ABOUT THIS EXERCISE:
Where a line below has the string "units" in it, include it in the count, and give that count alone.

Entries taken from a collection
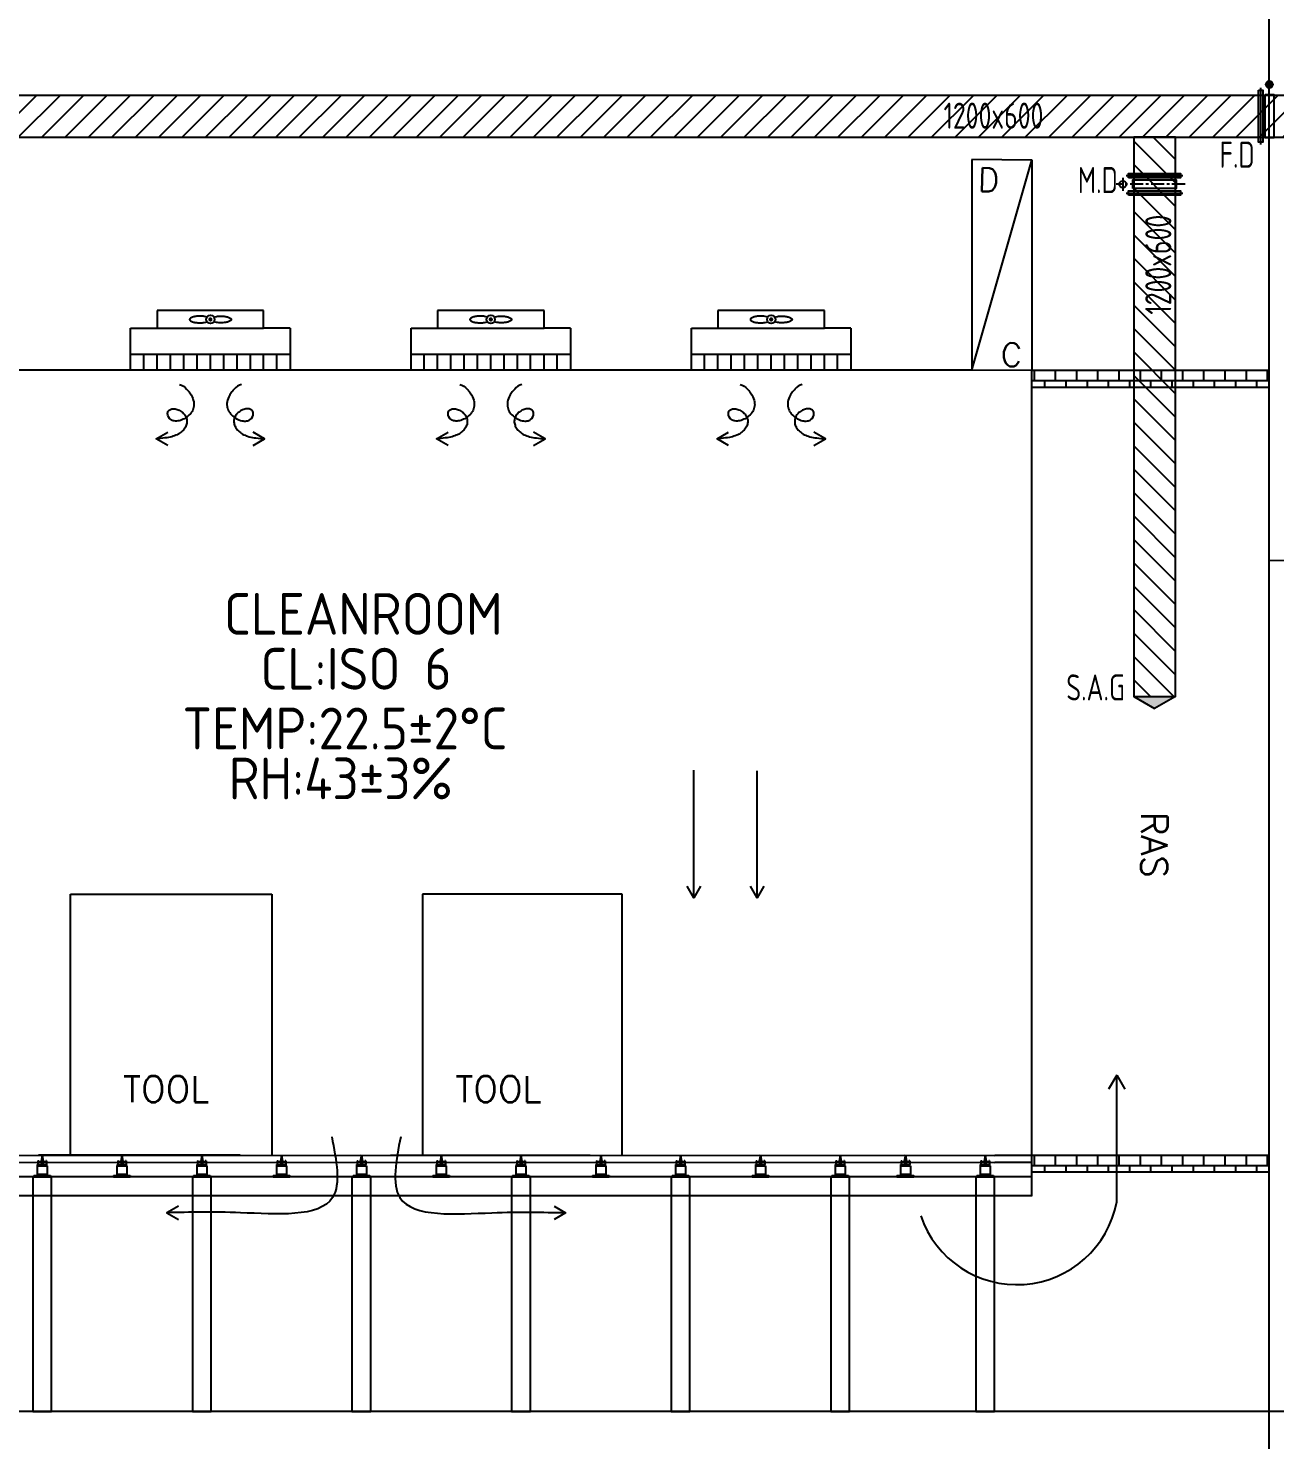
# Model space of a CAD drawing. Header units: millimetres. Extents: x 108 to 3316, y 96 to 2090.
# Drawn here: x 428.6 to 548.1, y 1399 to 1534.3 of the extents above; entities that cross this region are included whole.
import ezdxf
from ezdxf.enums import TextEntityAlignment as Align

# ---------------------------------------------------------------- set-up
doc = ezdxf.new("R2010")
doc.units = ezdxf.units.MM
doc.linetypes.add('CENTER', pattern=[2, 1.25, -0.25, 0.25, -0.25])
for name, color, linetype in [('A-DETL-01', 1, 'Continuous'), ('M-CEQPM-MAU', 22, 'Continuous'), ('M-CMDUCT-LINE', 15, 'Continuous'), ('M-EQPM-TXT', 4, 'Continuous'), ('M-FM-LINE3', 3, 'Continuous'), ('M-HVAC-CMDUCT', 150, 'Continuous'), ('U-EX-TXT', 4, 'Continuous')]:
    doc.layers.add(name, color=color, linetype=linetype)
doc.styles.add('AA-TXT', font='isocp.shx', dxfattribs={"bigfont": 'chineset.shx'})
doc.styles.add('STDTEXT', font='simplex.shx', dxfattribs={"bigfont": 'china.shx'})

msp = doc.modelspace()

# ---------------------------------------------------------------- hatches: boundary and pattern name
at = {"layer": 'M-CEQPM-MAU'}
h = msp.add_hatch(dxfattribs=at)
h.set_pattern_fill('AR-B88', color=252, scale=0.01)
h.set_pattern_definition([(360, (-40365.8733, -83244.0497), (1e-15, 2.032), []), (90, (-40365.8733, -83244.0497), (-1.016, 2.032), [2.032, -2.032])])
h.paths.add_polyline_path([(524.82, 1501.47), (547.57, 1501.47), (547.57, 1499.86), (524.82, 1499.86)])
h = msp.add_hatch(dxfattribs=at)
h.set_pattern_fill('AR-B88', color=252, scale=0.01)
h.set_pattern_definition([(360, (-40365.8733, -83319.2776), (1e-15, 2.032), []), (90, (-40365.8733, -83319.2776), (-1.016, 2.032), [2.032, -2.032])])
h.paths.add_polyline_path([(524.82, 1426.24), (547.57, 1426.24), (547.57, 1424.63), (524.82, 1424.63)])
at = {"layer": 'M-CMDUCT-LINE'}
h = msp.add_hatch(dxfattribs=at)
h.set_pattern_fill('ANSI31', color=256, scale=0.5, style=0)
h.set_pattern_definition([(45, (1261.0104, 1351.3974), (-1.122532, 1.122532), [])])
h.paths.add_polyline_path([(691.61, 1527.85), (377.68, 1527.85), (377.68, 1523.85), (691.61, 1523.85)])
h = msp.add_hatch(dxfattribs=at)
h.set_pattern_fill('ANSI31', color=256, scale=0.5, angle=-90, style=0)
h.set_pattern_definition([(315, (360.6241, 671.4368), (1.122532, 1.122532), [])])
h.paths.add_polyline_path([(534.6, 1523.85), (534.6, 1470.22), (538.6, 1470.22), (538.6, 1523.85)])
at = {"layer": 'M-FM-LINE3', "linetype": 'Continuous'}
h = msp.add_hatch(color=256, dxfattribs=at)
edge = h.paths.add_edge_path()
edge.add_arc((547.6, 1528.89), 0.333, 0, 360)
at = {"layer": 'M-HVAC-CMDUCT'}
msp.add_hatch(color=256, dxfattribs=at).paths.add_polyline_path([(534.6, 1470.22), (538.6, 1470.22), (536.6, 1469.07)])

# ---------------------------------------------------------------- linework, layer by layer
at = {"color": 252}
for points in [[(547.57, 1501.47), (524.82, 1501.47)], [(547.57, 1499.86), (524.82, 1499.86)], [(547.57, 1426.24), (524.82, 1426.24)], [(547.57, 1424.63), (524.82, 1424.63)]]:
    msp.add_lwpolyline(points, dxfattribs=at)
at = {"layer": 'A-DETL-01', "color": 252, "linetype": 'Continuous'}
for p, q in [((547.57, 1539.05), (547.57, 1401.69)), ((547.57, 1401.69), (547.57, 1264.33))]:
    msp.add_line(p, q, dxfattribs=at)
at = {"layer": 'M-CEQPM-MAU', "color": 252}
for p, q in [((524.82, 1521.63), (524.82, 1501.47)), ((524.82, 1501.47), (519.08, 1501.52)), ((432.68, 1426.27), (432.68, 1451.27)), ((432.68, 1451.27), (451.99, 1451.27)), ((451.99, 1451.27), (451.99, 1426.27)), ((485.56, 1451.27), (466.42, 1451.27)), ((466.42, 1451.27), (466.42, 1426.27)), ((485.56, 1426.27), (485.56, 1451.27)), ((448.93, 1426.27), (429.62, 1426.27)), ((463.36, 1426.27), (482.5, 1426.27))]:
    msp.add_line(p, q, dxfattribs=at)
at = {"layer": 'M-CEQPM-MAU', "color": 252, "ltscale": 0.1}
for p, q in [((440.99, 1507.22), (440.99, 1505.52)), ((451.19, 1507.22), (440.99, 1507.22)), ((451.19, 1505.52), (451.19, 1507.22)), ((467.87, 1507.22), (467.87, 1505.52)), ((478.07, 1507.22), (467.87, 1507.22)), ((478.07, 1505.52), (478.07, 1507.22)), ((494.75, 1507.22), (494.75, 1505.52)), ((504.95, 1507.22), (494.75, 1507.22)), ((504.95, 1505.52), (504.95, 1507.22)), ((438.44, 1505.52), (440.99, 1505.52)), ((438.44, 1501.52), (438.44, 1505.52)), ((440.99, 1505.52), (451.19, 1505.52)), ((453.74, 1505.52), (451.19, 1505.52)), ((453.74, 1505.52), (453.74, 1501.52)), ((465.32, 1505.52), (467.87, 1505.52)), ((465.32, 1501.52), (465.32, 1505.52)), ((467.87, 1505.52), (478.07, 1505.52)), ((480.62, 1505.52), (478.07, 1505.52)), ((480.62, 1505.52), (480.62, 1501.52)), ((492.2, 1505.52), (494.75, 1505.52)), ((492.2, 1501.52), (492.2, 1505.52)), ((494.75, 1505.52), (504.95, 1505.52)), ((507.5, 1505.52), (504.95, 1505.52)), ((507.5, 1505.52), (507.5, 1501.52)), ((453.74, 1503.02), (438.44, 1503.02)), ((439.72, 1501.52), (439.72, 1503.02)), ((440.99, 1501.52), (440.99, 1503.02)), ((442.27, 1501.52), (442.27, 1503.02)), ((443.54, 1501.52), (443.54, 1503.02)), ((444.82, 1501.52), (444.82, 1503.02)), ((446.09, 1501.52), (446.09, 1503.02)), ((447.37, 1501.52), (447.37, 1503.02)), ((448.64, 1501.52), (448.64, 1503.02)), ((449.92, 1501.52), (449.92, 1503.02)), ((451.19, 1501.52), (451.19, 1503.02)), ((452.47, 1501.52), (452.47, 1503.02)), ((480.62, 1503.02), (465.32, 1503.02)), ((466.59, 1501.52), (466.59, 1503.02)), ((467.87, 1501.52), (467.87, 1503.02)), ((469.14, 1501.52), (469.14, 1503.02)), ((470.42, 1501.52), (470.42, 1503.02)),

WRITTEN ANSWER:
2